Covidien shareholders who sell their shares in the "regular-way" market before June 28, 2013, will also be selling their entitlement to receive Mallinckrodt ordinary shares in the distribution. Covidien shareholders are encouraged to consult with their financial advisors regarding the specific consequences of selling Covidien ordinary shares on or before June 28, 2013.
On July 1, 2013, regular-way trading will commence on the NYSE for Mallinckrodt under the symbol "MNK" and will continue for Covidien under the symbol "COV."
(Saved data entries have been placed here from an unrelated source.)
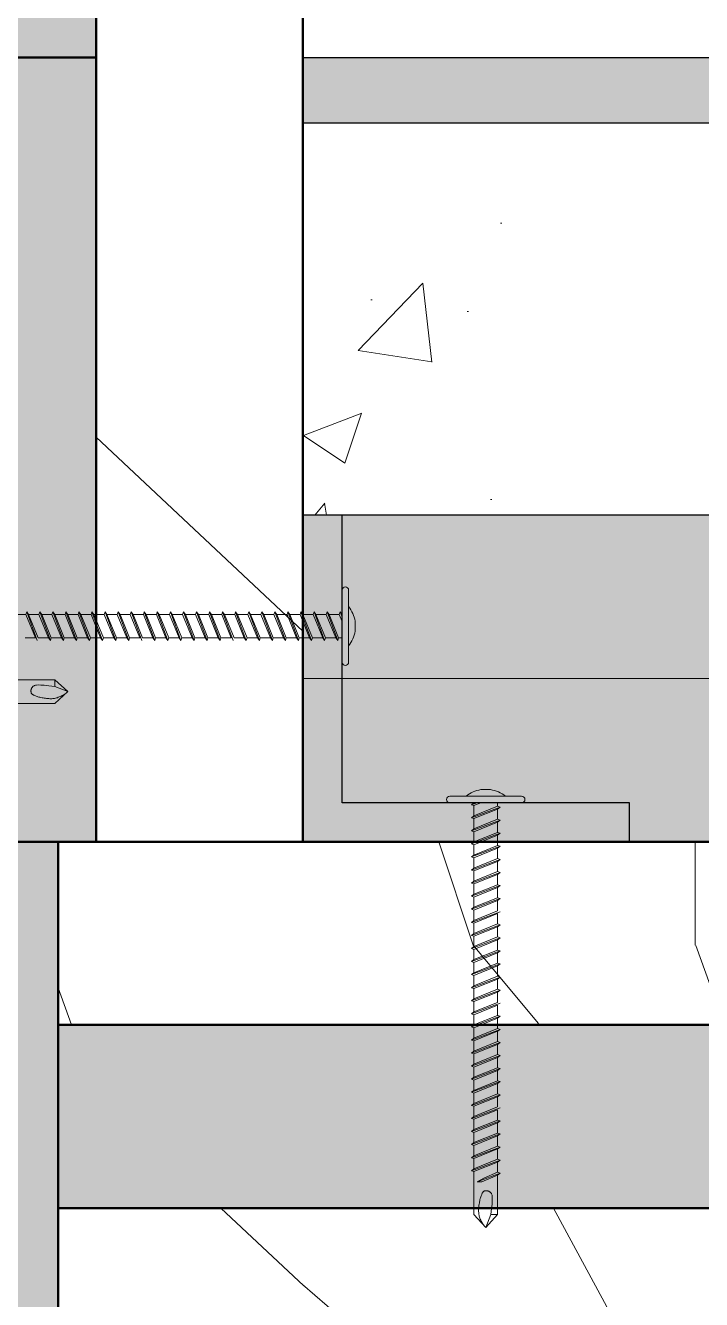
# Model space of a CAD drawing. Header units: millimetres. Extents: x 466 to 32107, y -1124 to 7826.
# Drawn here: x 24158 to 24261.6, y 1046.4 to 1241.3 of the extents above; entities that cross this region are included whole.
import ezdxf

# ---------------------------------------------------------------- set-up
doc = ezdxf.new("R2010")
doc.units = ezdxf.units.MM
for name, color, linetype, lineweight in [('001_Dark_1 20', 7, 'Continuous', 5), ('CLT', 7, 'Continuous', 50), ('hachures', 7, 'Continuous', 9), ('isolant', 7, 'ISOLATION', 9)]:
    doc.layers.add(name, color=color, linetype=linetype, lineweight=lineweight)
doc.linetypes.add('ISOLATION', pattern='A,0.00254,-2.54,[134,ltypeshp.shx,S=2.54,R=0,X=-2.54,Y=0],-5.08,[134,ltypeshp.shx,S=2.54,R=180,X=2.54,Y=0],-2.54', length=10.16254)
pattern_1 = [(108.4349, (26, 0), (-99.99984, 200.000043), [37.9473, -278.2804]), (139.3987, (14, 36), (-599.999902, 500.000042), [18.4391, -903.5154]), (136.8476, (100, 48), (-1499.99975375, 1400.0002834), [43.8634, -2149.3078]), (109.9831, (68, 78), (-299.9999454, 800.000066), [23.4094, -1147.0606]), (90, (60, 0), (-100, 100), [20, -80]), (118.4429, (60, 20), (699.9993839, -1300.0003766), [54.5894, -2674.8794]), (84.2894, (34, 68), (-100.0001315, -899.9999423), [20.0998, -984.8878]), (129.8056, (36, 88), (400.000243, -499.999806), [15.6205, -765.4045])]

msp = doc.modelspace()

# ---------------------------------------------------------------- hatches: boundary and pattern name
at = {"layer": 'hachures', "true_color": 0xffff80}
h = msp.add_hatch(color=51, dxfattribs=at)
h.dxf.hatch_style = 1
h.paths.add_polyline_path([(24105.52, 1806.93), (24065.02, 1725.93), (24065.02, 1775.93), (24005.52, 1775.93), (24005.52, 1116.36), (24105.52, 1116.36)])
h.paths.add_polyline_path([(24105.52, 976.36), (24005.52, 976.36), (24005.52, 931.36), (24005.52, 535.63), (24105.52, 535.63)])
h.paths.add_polyline_path([(24300.52, 976.36), (24200.52, 976.36), (24200.52, 535.63), (24300.52, 535.63)])
h.paths.add_polyline_path([(23987.52, 976.36), (23527, 976.36), (23527, 876.36), (23987.52, 876.36)])
h.paths.add_polyline_path([(24712.28, 976.36), (24318.52, 976.36), (24318.52, 876.36), (24377.52, 876.36), (24712.28, 876.36)])
h.paths.add_polyline_path([(24163.02, 1116.36), (24143.02, 1116.36), (24143.02, 976.36), (24163.02, 976.36)])
h.paths.add_polyline_path([(24712.28, 1166.36), (24200.52, 1166.36), (24200.52, 1116.36), (24712.28, 1116.36)])
h.paths.add_polyline_path([(23961.52, 1166.36), (23527, 1166.36), (23527, 1116.36), (23961.52, 1116.36)])
at = {"layer": 'hachures', "true_color": 0xaf804f}
h = msp.add_hatch(color=45, dxfattribs=at)
h.dxf.hatch_style = 1
h.paths.add_polyline_path([(24168.86, 1116.36), (24137.19, 1116.36), (24137.19, 1775.93), (24168.86, 1775.93)])
h = msp.add_hatch(dxfattribs=at)
h.set_pattern_fill('WOOD2', color=45, scale=100, pattern_type=2)
h.set_pattern_definition(pattern_1)
h.paths.add_polyline_path([(24168.86, 1116.36), (24200.52, 1116.36), (24200.52, 1775.93), (24168.86, 1775.93)])
at = {"layer": 'hachures'}
h = msp.add_hatch(dxfattribs=at)
h.set_pattern_fill('WOOD3', scale=20, pattern_type=2)
h.set_pattern_definition([(355.2364, (7856.6171, -131.7456), (-220.00001893, 19.99983065), [2.40832, -238.42358]), (11.3099, (7859.017, -131.9456), (80.000015, 19.9999526), [3.05942, -98.92098]), (45, (7862.017, -131.346), (0, 20.000006), [2.26274, -26.02152]), (46.8476, (7863.6171, -129.7456), (280.00005668, 299.99995075), [4.38634, -434.2479]), (12.9946, (7866.6171, -126.5456), (-180.00001535, -39.99995155), [2.66834, -264.16494]), (0, (7869.217, -125.946), (20, 20), [5, -15]), (350.5377, (7874.217, -125.9456), (-100.0000155, 19.9999628), [2.4331, -119.22214]), (354.2894, (7856.6171, -126.3456), (-179.99998847, 20.0000263), [2.00998, -198.98754]), (0, (7858.617, -126.546), (20, 20), [3, -17]), (28.3008, (7861.6171, -126.5456), (219.9999024, 120.00017748), [2.95296, -292.3435]), (52.125, (7864.2171, -125.1456), (-80.0000373, -99.99998199), [4.5607, -223.47438]), (39.2894, (7867.0171, -121.5456), (120.00001279, 99.99999264), [2.84254, -281.41088]), (6.3402, (7869.2171, -119.7456), (159.99998805, 20.00003158), [3.62216, -177.48554]), (348.1113, (7872.8171, -119.3456), (-279.99994602, 60.000210705), [3.8833, -384.44646]), (353.2902, (7856.6171, -120.1456), (180.000019955, -19.999877625), [3.42344, -338.9214]), (3.3665, (7860.0171, -120.5456), (319.99998644, 20.00021927), [3.40588, -337.18186]), (33.6901, (7863.417, -120.3456), (-39.9999912, -20.0000267), [3.60556, -68.50548]), (47.4896, (7866.4171, -118.3456), (199.99981437, 220.00017348), [3.25576, -322.32064]), (14.9314, (7868.6171, -115.9456), (220.0000107, 59.99993908), [3.10484, -307.37866]), (0, (7871.617, -115.146), (20, 20), [2.4, -17.6]), (347.0054, (7874.0171, -115.1456), (180.00001535, -39.99995155), [2.66834, -264.16494]), (0, (7862.817, -135.146), (20, 20), [0, -20]), (223.1524, (7865.6171, -132.1456), (299.99995075, 280.00005668), [4.38634, -434.2479]), (206.5651, (7862.417, -115.146), (-19.999983, -20.000026), [1.78886, -42.9325]), (188.1301, (7860.817, -115.9456), (-119.99999553, -19.9999871), [2.82842, -138.59292]), (156.8014, (7858.017, -116.3456), (-99.9999946, 40.0000265), [1.52316, -150.7923]), (26.5651, (7865.617, -132.146), (19.999983, 20.000026), [2.23606, -42.4853]), (6.7098, (7867.6171, -131.1456), (-180.000019955, -19.999877625), [3.42344, -338.9214]), (349.8753, (7871.0171, -130.7456), (339.999975793, -60.000171772), [5.68858, -563.16992]), (349.6952, (7856.6171, -133.9456), (120.00001922, -19.99989751), [2.23606, -221.37072]), (15.5241, (7858.8171, -134.3456), (-220.00002049, -59.99995555), [3.7363, -369.89452]), (42.8789, (7862.4171, -133.3456), (-260.00001586, -239.999995065), [3.821, -378.27846]), (34.6952, (7865.2171, -130.7456), (199.99988518, 140.00017219), [3.16228, -313.06548]), (9.4623, (7867.817, -128.9456), (100.0000155, 19.9999628), [3.64966, -118.0056]), (353.4181, (7871.4171, -128.3456), (-340.00002876, 39.999734007), [5.2345, -518.2156]), (351.8699, (7856.617, -128.9456), (-119.99999553, 19.9999871), [2.82842, -138.59292]), (11.3099, (7859.417, -129.3456), (80.000015, 19.9999526), [3.05942, -98.92098]), (42.5104, (7862.4171, -128.7456), (-220.00017348, -199.99981437), [3.25576, -322.32064]), (45, (7864.817, -126.546), (0, 20.000006), [3.67696, -24.60732]), (17.354, (7867.4171, -123.9456), (-260.00004038, -79.999890045), [3.35262, -331.90848]), (356.6335, (7870.6171, -122.9456), (-319.99998644, 20.00021927), [3.40588, -337.18186]), (342.8973, (7874.0171, -123.1456), (200.00003462, -59.99990987), [2.7203, -269.30912]), (351.2538, (7856.6171, -123.9456), (139.99998673, -20.00008394), [2.63058, -260.42834]), (14.9314, (7859.2171, -124.3456), (220.0000107, 59.99993908), [3.10484, -307.37866]), (32.0054, (7862.2171, -123.5456), (-99.9999789, -60.0000221), [3.7736, -184.90604]), (49.8991, (7865.4171, -121.5456), (-219.999961196, -260.00003859), [4.9679, -491.8218]), (15.9454, (7868.617, -117.7456), (-80.00000253, -19.9999978), [2.91204, -142.69016]), (353.991, (7871.4171, -116.9456), (199.99999502, -19.99998635), [3.821, -378.27846]), (336.8014, (7875.217, -117.3456), (99.9999946, -40.0000265), [1.52316, -150.7923]), (350.5377, (7856.617, -117.9456), (-100.0000155, 19.9999628), [2.4331, -119.22214]), (10.008, (7859.0171, -118.3456), (219.99999109, 40.00006944), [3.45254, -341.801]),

Covidien is a leading global healthcare products company that creates innovative medical solutions for better patient outcomes and delivers value through clinical leadership and excellence. Covidien manufactures, distributes and services a diverse range of industry-leading product lines in three segments: Medical Devices, Pharmaceuticals and Medical Supplies. With 2012 revenue of $11.9 billion, Covidien has 43,000 employees worldwide in 70 countries, and its products are sold in over 140 countries. Please visit
to learn more about our business.
Any statements contained in this communication that do not describe historical facts may constitute forward-looking statements as that term is defined in the Private Securities Litigation Reform Act of 1995. Such forward-looking statements include, but are not limited to, statements about the Company’s planned spin-off of its Pharmaceuticals business including the timing and effect of the transaction. Any forward-looking statements contained herein are based on our management's current beliefs and expectations, but are subject to a number of risks, uncertainties and changes in circumstances, which may cause actual results or Company actions to differ materially from what is expressed or implied by these statements. The factors that could cause actual future results to differ materially from current expectations include, but are not limited to, our ability to effectively introduce and market new products or keep pace with advances in technology, the reimbursement practices of a small number of large public and private insurers, cost-containment efforts of customers, purchasing groups, third-party payors and governmental organizations, intellectual property rights disputes, complex and costly regulation, including healthcare fraud and abuse regulations and the Foreign Corrupt Practices Act, manufacturing or supply chain problems or disruptions, rising commodity costs, recalls or safety alerts and negative publicity relating to Covidien or its products, product liability losses and other litigation liability, divestitures of some of our businesses or product lines, our ability to execute strategic acquisitions of, investments in or alliances with other companies and businesses, competition, risks associated with doing business outside of the United States, foreign currency exchange rates, environmental remediation costs and unanticipated developments that may prevent, delay, alter the terms of or otherwise negatively affect the planned spin-off. These and other factors are identified and described in more detail in our Annual Report on Form 10-K for the fiscal year ended September 28, 2012, and in subsequent filings with the SEC. We disclaim any obligation to update these forward-looking statements other than as required by law.